À une vingtaine de kilomètres à l’ouest de Toulouse, Léguevin s’est imposée comme l’une des communes les plus dynamiques du Sicoval et de la couronne toulousaine. Avec une croissance démographique soutenue depuis le début des années 2010, portée par l’attractivité de la métropole et la qualité de vie qu’offre la Haute-Garonne, la ville voit s’ériger chaque année de nouveaux quartiers pavillonnaires, des résidences contemporaines et des opérations de réhabilitation du bâti existant.
Ce dynamisme immobilier a une conséquence directe et concrète : la demande en équipements de sécurité et d’aménagement extérieur, et notamment en garde-corps, balustrades et rambardes en aluminium, n’a jamais été aussi forte.
Avant d’évoquer les matériaux, les finitions ou les designs, il convient de poser le cadre normatif.
En France, les garde-corps sont soumis à des exigences réglementaires strictes, encadrées par la norme NF P01-012 relative aux règles de sécurité contre les chutes de hauteur, ainsi que par les prescriptions du DTU 39 pour les vitrages et, selon les configurations, par l’Eurocode 1 pour les charges mécaniques.

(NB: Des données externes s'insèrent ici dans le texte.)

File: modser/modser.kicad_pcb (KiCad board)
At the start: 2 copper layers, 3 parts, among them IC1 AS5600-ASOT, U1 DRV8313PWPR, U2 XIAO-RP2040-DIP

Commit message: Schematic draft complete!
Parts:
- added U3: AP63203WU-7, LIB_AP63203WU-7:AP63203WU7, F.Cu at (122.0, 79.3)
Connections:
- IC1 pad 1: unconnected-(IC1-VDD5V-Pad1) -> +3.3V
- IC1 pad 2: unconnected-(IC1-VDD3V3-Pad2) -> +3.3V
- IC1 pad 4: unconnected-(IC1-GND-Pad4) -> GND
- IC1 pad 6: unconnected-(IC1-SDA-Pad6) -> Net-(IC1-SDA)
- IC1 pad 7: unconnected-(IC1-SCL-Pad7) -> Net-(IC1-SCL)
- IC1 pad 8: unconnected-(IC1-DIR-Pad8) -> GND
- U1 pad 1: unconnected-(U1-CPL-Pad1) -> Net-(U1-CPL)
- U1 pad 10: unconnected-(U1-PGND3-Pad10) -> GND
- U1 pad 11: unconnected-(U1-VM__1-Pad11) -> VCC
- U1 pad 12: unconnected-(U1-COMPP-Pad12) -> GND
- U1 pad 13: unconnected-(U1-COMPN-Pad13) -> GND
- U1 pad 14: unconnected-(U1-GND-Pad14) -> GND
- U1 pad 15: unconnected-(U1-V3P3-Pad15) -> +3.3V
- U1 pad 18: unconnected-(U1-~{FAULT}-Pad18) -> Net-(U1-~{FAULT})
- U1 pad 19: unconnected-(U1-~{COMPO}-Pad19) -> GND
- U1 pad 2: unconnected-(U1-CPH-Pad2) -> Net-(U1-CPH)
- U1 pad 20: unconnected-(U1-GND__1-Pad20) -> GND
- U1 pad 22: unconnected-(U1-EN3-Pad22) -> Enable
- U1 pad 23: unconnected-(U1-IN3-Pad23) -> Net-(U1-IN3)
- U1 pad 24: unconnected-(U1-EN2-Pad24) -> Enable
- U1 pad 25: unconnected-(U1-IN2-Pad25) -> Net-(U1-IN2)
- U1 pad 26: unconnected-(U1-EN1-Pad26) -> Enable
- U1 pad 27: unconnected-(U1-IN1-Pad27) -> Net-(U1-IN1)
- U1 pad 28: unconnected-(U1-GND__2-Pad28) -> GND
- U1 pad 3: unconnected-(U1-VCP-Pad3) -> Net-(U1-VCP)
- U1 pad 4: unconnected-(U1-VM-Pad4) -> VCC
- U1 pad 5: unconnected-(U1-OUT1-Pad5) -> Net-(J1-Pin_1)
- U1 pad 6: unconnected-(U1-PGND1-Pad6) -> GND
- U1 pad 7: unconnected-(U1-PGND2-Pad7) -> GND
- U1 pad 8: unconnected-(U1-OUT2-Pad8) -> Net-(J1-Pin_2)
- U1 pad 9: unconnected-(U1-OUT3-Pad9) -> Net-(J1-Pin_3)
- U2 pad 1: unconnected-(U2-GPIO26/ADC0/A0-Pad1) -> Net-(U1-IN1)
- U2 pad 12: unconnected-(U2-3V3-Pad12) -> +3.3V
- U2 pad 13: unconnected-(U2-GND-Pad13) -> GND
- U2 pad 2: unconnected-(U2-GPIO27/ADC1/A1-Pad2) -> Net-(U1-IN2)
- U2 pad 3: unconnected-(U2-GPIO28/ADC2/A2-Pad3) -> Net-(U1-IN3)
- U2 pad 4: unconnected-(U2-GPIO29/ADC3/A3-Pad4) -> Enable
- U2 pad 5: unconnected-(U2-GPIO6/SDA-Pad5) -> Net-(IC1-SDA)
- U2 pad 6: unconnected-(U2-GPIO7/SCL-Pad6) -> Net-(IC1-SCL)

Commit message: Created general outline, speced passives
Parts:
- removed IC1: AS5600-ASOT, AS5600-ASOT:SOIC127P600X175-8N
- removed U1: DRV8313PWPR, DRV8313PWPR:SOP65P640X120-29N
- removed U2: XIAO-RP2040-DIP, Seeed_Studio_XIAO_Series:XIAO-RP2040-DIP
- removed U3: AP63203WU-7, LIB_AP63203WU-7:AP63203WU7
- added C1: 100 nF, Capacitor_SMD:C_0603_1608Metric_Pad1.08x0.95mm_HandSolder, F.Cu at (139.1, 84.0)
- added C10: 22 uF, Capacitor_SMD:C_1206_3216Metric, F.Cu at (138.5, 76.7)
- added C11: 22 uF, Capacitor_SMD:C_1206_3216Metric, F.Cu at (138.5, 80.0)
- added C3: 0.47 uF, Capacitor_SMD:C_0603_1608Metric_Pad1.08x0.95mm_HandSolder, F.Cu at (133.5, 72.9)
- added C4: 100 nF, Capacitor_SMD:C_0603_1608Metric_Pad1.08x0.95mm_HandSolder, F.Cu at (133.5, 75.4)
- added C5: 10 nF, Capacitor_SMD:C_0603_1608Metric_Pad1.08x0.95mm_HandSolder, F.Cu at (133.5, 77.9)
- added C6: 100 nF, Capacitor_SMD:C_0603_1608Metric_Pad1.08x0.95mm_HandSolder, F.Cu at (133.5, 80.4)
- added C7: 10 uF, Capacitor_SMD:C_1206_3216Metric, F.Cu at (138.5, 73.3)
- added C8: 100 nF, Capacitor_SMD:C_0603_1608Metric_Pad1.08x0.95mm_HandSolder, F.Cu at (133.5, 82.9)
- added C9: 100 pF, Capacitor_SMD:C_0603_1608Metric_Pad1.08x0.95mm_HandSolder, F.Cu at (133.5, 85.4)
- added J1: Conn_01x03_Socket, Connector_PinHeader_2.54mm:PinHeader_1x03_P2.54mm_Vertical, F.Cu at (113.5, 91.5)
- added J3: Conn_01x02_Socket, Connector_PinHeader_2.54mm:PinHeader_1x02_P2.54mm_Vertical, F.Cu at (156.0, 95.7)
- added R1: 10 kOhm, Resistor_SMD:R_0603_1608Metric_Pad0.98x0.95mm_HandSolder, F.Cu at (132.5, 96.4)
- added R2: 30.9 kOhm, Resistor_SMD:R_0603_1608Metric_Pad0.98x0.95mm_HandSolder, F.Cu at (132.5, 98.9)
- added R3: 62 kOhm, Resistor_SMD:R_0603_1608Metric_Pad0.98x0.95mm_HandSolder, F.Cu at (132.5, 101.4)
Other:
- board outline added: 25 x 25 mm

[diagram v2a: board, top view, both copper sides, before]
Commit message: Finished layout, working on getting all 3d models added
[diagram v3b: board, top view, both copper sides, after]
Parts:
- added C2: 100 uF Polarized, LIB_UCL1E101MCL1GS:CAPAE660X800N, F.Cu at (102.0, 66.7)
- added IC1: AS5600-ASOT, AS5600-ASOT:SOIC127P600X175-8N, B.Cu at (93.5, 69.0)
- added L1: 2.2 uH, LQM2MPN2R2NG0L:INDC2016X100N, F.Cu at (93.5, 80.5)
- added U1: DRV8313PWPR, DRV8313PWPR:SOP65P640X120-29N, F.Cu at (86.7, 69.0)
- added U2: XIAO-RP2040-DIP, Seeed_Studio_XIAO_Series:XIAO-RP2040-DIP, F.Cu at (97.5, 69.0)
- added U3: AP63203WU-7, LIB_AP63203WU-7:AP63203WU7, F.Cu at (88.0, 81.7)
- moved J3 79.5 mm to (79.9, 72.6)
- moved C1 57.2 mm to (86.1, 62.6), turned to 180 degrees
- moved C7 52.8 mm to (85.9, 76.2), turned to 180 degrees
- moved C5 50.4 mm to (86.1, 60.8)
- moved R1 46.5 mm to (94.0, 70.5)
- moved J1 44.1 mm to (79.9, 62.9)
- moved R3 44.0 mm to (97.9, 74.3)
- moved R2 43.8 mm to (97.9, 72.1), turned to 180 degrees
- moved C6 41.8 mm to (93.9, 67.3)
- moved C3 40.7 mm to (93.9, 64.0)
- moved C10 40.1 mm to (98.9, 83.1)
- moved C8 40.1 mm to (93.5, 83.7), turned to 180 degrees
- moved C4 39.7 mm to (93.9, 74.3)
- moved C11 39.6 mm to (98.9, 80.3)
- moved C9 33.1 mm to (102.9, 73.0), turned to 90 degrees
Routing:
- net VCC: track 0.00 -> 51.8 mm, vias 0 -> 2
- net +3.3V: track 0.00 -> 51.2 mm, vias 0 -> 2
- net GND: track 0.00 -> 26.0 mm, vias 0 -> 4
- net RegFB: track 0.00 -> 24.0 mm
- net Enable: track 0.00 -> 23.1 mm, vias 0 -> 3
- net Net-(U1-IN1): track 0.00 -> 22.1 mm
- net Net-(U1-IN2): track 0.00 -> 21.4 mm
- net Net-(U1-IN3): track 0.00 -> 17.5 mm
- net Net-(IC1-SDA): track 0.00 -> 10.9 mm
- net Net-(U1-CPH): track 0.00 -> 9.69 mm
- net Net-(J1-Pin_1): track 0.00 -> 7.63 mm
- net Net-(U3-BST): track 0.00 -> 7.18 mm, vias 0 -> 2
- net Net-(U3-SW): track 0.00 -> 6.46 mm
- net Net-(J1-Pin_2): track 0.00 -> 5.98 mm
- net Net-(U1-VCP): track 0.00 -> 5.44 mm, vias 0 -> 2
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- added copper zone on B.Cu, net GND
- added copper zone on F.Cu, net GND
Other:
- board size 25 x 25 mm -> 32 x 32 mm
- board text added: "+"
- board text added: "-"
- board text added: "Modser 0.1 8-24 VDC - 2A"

La hauteur minimale réglementaire d’un garde-corps est fixée à un mètre lorsque la chute potentielle est inférieure ou égale à un mètre, et à un mètre dix pour toute hauteur de chute supérieure. Cette distinction est fondamentale pour les terrasses en rez-de-jardin surélevé, fréquentes à Léguevin compte tenu du relief légèrement vallonné du territoire communal. Les ballustres ou remplissages intermédiaires doivent, quant à eux, être conçus de manière à interdire le passage d’une sphère de dix-huit centimètres de diamètre, conformément aux exigences parasismiques et de résistance aux chocs horizontaux applicables en zone de sismicité 1 comme dans la plupart des communes haut-garonnaises.